Task brief
The lines to reproduce from the material below are those from the one containing "line L6 (6.8946, -25.4965)" through the one containing "line L0 (-11.8946, 11.9035)", both included; write them out exactly and add nothing.

*** Begin section ***

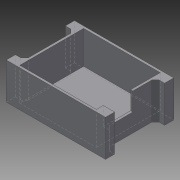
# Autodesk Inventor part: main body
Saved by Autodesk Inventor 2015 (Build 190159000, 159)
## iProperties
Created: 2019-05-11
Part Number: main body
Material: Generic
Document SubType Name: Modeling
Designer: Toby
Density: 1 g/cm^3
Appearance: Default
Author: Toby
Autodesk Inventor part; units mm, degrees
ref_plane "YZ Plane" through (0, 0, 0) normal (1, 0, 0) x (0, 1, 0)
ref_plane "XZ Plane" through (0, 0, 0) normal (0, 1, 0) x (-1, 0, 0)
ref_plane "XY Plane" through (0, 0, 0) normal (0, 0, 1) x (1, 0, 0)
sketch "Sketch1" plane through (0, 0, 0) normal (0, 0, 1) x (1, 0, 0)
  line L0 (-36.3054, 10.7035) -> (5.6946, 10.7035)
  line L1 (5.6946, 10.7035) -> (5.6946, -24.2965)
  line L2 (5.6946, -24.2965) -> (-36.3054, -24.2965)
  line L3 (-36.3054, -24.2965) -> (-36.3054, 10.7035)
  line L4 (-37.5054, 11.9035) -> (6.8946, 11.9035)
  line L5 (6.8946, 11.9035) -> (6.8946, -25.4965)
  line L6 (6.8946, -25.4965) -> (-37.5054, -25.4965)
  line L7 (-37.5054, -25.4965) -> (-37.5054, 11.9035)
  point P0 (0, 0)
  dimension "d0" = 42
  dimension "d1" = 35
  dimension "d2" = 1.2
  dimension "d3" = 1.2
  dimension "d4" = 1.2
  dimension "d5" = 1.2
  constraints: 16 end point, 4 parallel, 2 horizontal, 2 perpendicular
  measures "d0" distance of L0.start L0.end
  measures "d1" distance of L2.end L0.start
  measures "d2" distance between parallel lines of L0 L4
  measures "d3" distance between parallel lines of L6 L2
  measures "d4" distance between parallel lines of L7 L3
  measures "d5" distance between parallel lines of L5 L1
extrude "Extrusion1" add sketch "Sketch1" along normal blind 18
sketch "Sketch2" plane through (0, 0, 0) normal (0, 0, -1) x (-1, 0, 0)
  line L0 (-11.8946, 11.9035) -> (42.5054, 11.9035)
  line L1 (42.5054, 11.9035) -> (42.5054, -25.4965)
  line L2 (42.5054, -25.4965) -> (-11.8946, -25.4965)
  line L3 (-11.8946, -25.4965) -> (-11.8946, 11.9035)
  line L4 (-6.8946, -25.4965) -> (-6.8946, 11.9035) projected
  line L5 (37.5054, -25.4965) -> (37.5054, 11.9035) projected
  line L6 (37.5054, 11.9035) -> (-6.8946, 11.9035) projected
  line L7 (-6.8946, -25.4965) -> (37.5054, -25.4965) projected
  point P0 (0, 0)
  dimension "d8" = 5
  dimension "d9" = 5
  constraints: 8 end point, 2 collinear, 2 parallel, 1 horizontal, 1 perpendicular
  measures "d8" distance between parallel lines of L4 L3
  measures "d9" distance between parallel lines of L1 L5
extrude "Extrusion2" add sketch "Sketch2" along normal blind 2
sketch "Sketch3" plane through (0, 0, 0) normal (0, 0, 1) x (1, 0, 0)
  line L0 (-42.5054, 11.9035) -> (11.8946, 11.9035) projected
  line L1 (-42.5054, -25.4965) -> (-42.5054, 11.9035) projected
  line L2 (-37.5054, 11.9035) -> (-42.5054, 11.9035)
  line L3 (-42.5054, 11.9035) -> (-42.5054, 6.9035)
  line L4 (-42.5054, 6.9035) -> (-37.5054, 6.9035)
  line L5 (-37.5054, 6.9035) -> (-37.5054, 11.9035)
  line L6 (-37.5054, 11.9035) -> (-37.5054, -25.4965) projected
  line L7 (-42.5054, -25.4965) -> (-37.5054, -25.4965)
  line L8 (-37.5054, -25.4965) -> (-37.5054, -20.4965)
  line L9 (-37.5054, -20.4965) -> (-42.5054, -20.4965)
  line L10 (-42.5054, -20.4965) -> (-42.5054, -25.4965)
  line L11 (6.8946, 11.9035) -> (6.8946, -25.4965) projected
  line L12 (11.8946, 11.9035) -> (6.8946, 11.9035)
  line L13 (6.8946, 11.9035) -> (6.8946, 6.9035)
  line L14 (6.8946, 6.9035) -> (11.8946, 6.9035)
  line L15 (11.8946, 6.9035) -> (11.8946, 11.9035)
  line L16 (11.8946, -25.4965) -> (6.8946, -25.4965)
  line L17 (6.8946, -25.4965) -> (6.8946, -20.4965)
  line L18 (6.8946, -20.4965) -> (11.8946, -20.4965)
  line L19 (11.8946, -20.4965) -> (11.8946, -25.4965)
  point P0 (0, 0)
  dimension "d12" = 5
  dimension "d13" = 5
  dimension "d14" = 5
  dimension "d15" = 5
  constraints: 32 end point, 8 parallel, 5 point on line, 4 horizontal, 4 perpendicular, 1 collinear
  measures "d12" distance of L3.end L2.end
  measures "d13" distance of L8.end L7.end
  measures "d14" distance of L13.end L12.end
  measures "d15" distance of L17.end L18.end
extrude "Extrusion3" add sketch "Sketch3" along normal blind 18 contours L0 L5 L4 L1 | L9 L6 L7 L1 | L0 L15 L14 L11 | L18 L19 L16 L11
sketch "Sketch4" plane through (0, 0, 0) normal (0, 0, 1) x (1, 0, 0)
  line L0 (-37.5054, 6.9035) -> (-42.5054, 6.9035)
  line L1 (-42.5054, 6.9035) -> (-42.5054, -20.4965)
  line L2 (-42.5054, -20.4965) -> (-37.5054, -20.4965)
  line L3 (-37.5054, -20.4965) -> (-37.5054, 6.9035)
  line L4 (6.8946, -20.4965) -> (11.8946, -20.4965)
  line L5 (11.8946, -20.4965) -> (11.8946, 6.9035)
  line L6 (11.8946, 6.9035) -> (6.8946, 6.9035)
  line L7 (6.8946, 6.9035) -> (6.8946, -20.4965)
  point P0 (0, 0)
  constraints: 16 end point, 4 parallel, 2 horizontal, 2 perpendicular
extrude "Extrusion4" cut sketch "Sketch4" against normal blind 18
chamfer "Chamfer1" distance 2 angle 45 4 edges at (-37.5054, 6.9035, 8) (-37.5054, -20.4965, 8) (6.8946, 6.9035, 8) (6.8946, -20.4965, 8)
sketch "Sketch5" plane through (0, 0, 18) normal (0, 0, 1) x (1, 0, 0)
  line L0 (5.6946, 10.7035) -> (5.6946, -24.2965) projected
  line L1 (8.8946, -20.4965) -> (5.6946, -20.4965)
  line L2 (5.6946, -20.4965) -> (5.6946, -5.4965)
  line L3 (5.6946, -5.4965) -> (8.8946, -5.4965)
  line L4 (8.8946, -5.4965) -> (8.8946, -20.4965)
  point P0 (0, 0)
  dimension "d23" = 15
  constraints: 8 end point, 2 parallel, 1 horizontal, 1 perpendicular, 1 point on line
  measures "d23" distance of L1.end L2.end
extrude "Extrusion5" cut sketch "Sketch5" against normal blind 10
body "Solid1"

*** End section ***

Reply to the task
  line L6 (6.8946, -25.4965) -> (-37.5054, -25.4965)
  line L7 (-37.5054, -25.4965) -> (-37.5054, 11.9035)
  point P0 (0, 0)
  dimension "d0" = 42
  dimension "d1" = 35
  dimension "d2" = 1.2
  dimension "d3" = 1.2
  dimension "d4" = 1.2
  dimension "d5" = 1.2
  constraints: 16 end point, 4 parallel, 2 horizontal, 2 perpendicular
  measures "d0" distance of L0.start L0.end
  measures "d1" distance of L2.end L0.start
  measures "d2" distance between parallel lines of L0 L4
  measures "d3" distance between parallel lines of L6 L2
  measures "d4" distance between parallel lines of L7 L3
  measures "d5" distance between parallel lines of L5 L1
extrude "Extrusion1" add sketch "Sketch1" along normal blind 18
sketch "Sketch2" plane through (0, 0, 0) normal (0, 0, -1) x (-1, 0, 0)
  line L0 (-11.8946, 11.9035) -> (42.5054, 11.9035)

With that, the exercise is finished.